__Assignment__: Where a line below holds the string "dimtxt", copy that line.

__Saved entries__:

◇ ◇ ◇ ◇ ◇

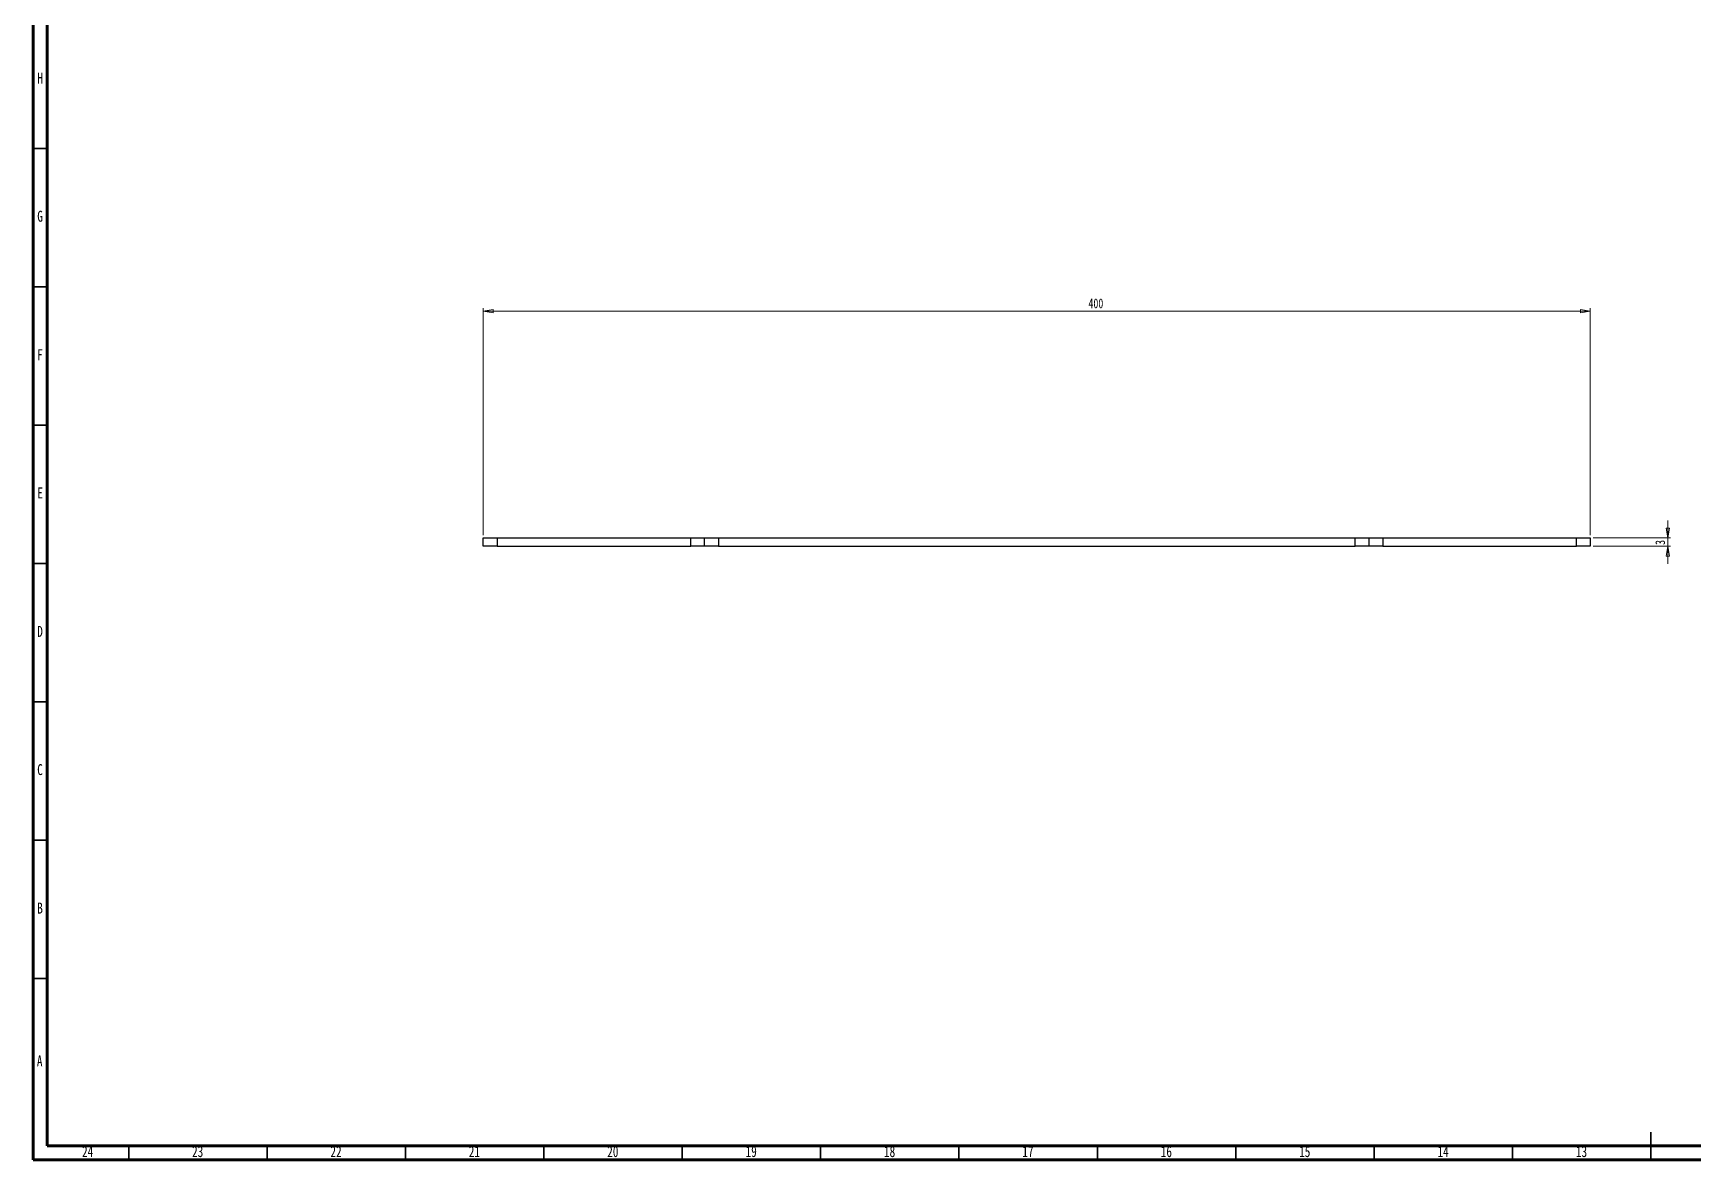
# Model space of a CAD drawing. Header units: millimetres. Extents: x 15 to 1184, y 5 to 836.
# Drawn here: x 15 to 615, y 5 to 412 of the extents above; entities that cross this region are included whole.
import ezdxf

# ---------------------------------------------------------------- set-up
doc = ezdxf.new("R2010")
doc.units = ezdxf.units.MM
doc.styles.add('SLDTEXTSTYLE0', font='TXT', dxfattribs={"width": 0.75})
doc.dimstyles.new('SLDDIMSTYLE0', dxfattribs={"dimtxt": 3.5, "dimasz": 3.556, "dimexe": 0, "dimexo": 0.0625, "dimgap": 0.875, "dimtad": 1, "dimrnd": 1e-09, "dimzin": 12, "dimdsep": 46, "dimtxsty": 'SLDTEXTSTYLE0', "dimblk1": 'CLOSED', "dimblk2": 'CLOSED', "dimsah": 1, "dimcen": 0.09, "dimadec": 0, "dimazin": 3, "dimtfac": 1, "dimtofl": 0, "dimtmove": 0, "dimatfit": 3, "dimldrblk": 'CLOSED', "dimfxl": 1, "dimfrac": 2, "dimtolj": 1, "dimtzin": 12, "dimarcsym": 0})
doc.dimstyles.new('SLDDIMSTYLE1', dxfattribs={"dimtxt": 3.5, "dimasz": 3.556, "dimexe": 0, "dimexo": 0.0625, "dimgap": 0.875, "dimtad": 1, "dimrnd": 1e-09, "dimzin": 12, "dimdsep": 46, "dimtxsty": 'SLDTEXTSTYLE0', "dimblk1": 'CLOSED', "dimblk2": 'CLOSED', "dimsah": 1, "dimcen": 0.09, "dimadec": 0, "dimazin": 3, "dimtfac": 1, "dimtmove": 0, "dimatfit": 0, "dimldrblk": 'CLOSED', "dimfxl": 1, "dimfrac": 2, "dimtolj": 1, "dimtzin": 12, "dimarcsym": 0})

# ---------------------------------------------------------------- blocks, each defined once
blk = doc.blocks.new('_Closed')
at = {"color": 0, "linetype": 'ByBlock', "lineweight": -2}
for p, q in [((-1, 0.166667), (0, 0)), ((-1, 0.166667), (-1, -0.166667)), ((0, 0), (-1, -0.166667)), ((0, 0), (-1, 0))]:
    blk.add_line(p, q, dxfattribs=at)
blk = doc.blocks.new('_D')
at = {"color": 7, "linetype": 'Continuous', "lineweight": 18}
for p, q in [((177.6, 230.77), (177.6, 312.77)), ((577.6, 230.77), (577.6, 312.77)), ((177.6, 311.77), (577.6, 311.77))]:
    blk.add_line(p, q, dxfattribs=at)
at = {"color": 7, "linetype": 'Continuous', "lineweight": 18, "xscale": 3.556, "yscale": 3.556, "rotation": 180}
blk.add_blockref('_Closed', (177.6, 311.77, -21.37), dxfattribs=at)
at = {"color": 7, "linetype": 'Continuous', "lineweight": 18, "xscale": 3.556, "yscale": 3.556}
blk.add_blockref('_Closed', (577.6, 311.77, -21.37), dxfattribs=at)
at = {"color": 7, "linetype": 'Continuous', "lineweight": 18, "insert": (396.28, 316.28), "char_height": 3.5, "attachment_point": 1, "style": 'SLDTEXTSTYLE0'}
blk.add_mtext('400', dxfattribs=at)
blk = doc.blocks.new('_D_1')
at = {"color": 7, "linetype": 'Continuous', "lineweight": 18}
for p, q in [((605.6, 229.77), (605.6, 236.12)), ((578.6, 229.77), (606.6, 229.77)), ((605.6, 229.77), (605.6, 226.77)), ((578.6, 226.77), (606.6, 226.77)), ((605.6, 226.77), (605.6, 220.42))]:
    blk.add_line(p, q, dxfattribs=at)
at = {"color": 7, "linetype": 'Continuous', "lineweight": 18, "xscale": 3.556, "yscale": 3.556}
for p, rotation in [((605.6, 229.77, -21.37), 270), ((605.6, 226.77, -21.37), 90)]:
    blk.add_blockref('_Closed', p, dxfattribs=dict(at, rotation=rotation))
at = {"color": 7, "linetype": 'Continuous', "lineweight": 18, "insert": (601.09, 227.25), "char_height": 3.5, "attachment_point": 1, "rotation": 90, "style": 'SLDTEXTSTYLE0'}
blk.add_mtext('3', dxfattribs=at)

msp = doc.modelspace()

# ---------------------------------------------------------------- linework, layer by layer
at = {"color": 7, "linetype": 'Continuous', "lineweight": 70}
for p, q in [((15, 5), (15, 836)), ((20, 10), (20, 831)), ((1179, 10), (20, 10)), ((1184, 5), (15, 5))]:
    msp.add_line(p, q, dxfattribs=at)
at = {"color": 7, "linetype": 'Continuous', "lineweight": 35}
for p, q in [((20, 370.5), (15, 370.5)), ((20, 320.5), (15, 320.5)), ((20, 270.5), (15, 270.5)), ((20, 220.5), (15, 220.5)), ((20, 170.5), (15, 170.5)), ((20, 120.5), (15, 120.5)), ((20, 70.5), (15, 70.5)), ((599.5, 5), (599.5, 15)), ((49.5, 10), (49.5, 5)), ((99.5, 10), (99.5, 5)), ((149.5, 10), (149.5, 5)), ((199.5, 10), (199.5, 5)), ((249.5, 10), (249.5, 5)), ((299.5, 10), (299.5, 5)), ((349.5, 10), (349.5, 5)), ((399.5, 10), (399.5, 5)), ((449.5, 10), (449.5, 5)), ((499.5, 10), (499.5, 5)), ((549.5, 10), (549.5, 5)), ((599.5, 10), (599.5, 5))]:
    msp.add_line(p, q, dxfattribs=at)
at = {"color": 7, "linetype": 'Continuous', "lineweight": 25}
for p, q in [((177.604, 226.772), (177.604, 229.772)), ((177.604, 229.772), (182.604, 229.772)), ((182.604, 229.772), (182.604, 226.772)), ((182.604, 229.772), (252.604, 229.772)), ((252.604, 226.772), (252.604, 229.772)), ((252.604, 229.772), (257.604, 229.772)), ((257.604, 226.772), (257.604, 229.772)), ((257.604, 229.772), (262.604, 229.772)), ((262.604, 229.772), (262.604, 226.772)), ((262.604, 229.772), (492.604, 229.772)), ((492.604, 226.772), (492.604, 229.772)), ((492.604, 229.772), (497.604, 229.772)), ((497.604, 229.772), (497.604, 226.772)), ((497.604, 229.772), (502.604, 229.772)), ((502.604, 229.772), (502.604, 226.772)), ((502.604, 229.772), (572.604, 229.772)), ((572.604, 226.772), (572.604, 229.772)), ((572.604, 229.772), (577.604, 229.772)), ((577.604, 229.772), (577.604, 226.772)), ((182.604, 226.772), (177.604, 226.772)), ((182.604, 226.772), (252.604, 226.772)), ((257.604, 226.772), (252.604, 226.772)), ((262.604, 226.772), (257.604, 226.772)), ((262.604, 226.772), (492.604, 226.772)), ((497.604, 226.772), (492.604, 226.772)), ((502.604, 226.772), (497.604, 226.772)), ((502.604, 226.772), (572.604, 226.772)), ((577.604, 226.772), (572.604, 226.772))]:
    msp.add_line(p, q, dxfattribs=at)

# ---------------------------------------------------------------- texts
at = {"color": 7, "linetype": 'Continuous', "lineweight": 0, "attachment_point": 2, "style": 'SLDTEXTSTYLE0'}
for s, insert, char_height in [('H', (17.49, 397.968), 3.969), ('G', (17.487, 348.024), 3.969), ('F', (17.458, 297.968), 3.969), ('E', (17.508, 248.024), 3.969), ('D', (17.453, 197.968), 3.969), ('C', (17.459, 148.024), 3.969), ('B', (17.471, 97.968), 3.969), ('A', (17.34, 42.718), 3.969), ('24', (34.67, 9.968), 3.9688), ('23', (74.42, 9.968), 3.9688), ('22', (124.42, 9.968), 3.9688), ('21', (174.42, 9.968), 3.9688), ('20', (224.42, 9.968), 3.9688), ('19', (274.42, 9.968), 3.9688), ('18', (324.42, 9.968), 3.9688), ('17', (374.42, 9.968), 3.9688), ('16', (424.42, 9.968), 3.9688), ('15', (474.42, 9.968), 3.9688), ('14', (524.42, 9.968), 3.9688), ('13', (574.42, 9.968), 3.9688)]:
    msp.add_mtext(s, dxfattribs=dict(at, insert=insert, char_height=char_height))

# ---------------------------------------------------------------- dimensions: what is measured, and where the dimension line sits
at = {"color": 7, "linetype": 'Continuous', "lineweight": 18}
dim = msp.add_linear_dim(base=(577.604, 311.772), p1=(177.604, 229.772), p2=(577.604, 229.772), dimstyle='SLDDIMSTYLE0', dxfattribs=at)
dim.commit()
dim.dimension.update_dxf_attribs({"geometry": '_D', "text_midpoint": (400.159, 311.772), "dimtype": 160})
dim = msp.add_linear_dim(base=(605.604, 226.772), p1=(577.604, 229.772), p2=(577.604, 226.772), angle=90, dimstyle='SLDDIMSTYLE1', dxfattribs=at)
dim.commit()
dim.dimension.update_dxf_attribs({"geometry": '_D_1', "text_midpoint": (605.604, 228.539), "dimtype": 160})

doc.saveas('drawing.dxf')

◇ ◇ ◇ ◇ ◇

__Exercise output__:
doc.dimstyles.new('SLDDIMSTYLE0', dxfattribs={"dimtxt": 3.5, "dimasz": 3.556, "dimexe": 0, "dimexo": 0.0625, "dimgap": 0.875, "dimtad": 1, "dimrnd": 1e-09, "dimzin": 12, "dimdsep": 46, "dimtxsty": 'SLDTEXTSTYLE0', "dimblk1": 'CLOSED', "dimblk2": 'CLOSED', "dimsah": 1, "dimcen": 0.09, "dimadec": 0, "dimazin": 3, "dimtfac": 1, "dimtofl": 0, "dimtmove": 0, "dimatfit": 3, "dimldrblk": 'CLOSED', "dimfxl": 1, "dimfrac": 2, "dimtolj": 1, "dimtzin": 12, "dimarcsym": 0})
doc.dimstyles.new('SLDDIMSTYLE1', dxfattribs={"dimtxt": 3.5, "dimasz": 3.556, "dimexe": 0, "dimexo": 0.0625, "dimgap": 0.875, "dimtad": 1, "dimrnd": 1e-09, "dimzin": 12, "dimdsep": 46, "dimtxsty": 'SLDTEXTSTYLE0', "dimblk1": 'CLOSED', "dimblk2": 'CLOSED', "dimsah": 1, "dimcen": 0.09, "dimadec": 0, "dimazin": 3, "dimtfac": 1, "dimtmove": 0, "dimatfit": 0, "dimldrblk": 'CLOSED', "dimfxl": 1, "dimfrac": 2, "dimtolj": 1, "dimtzin": 12, "dimarcsym": 0})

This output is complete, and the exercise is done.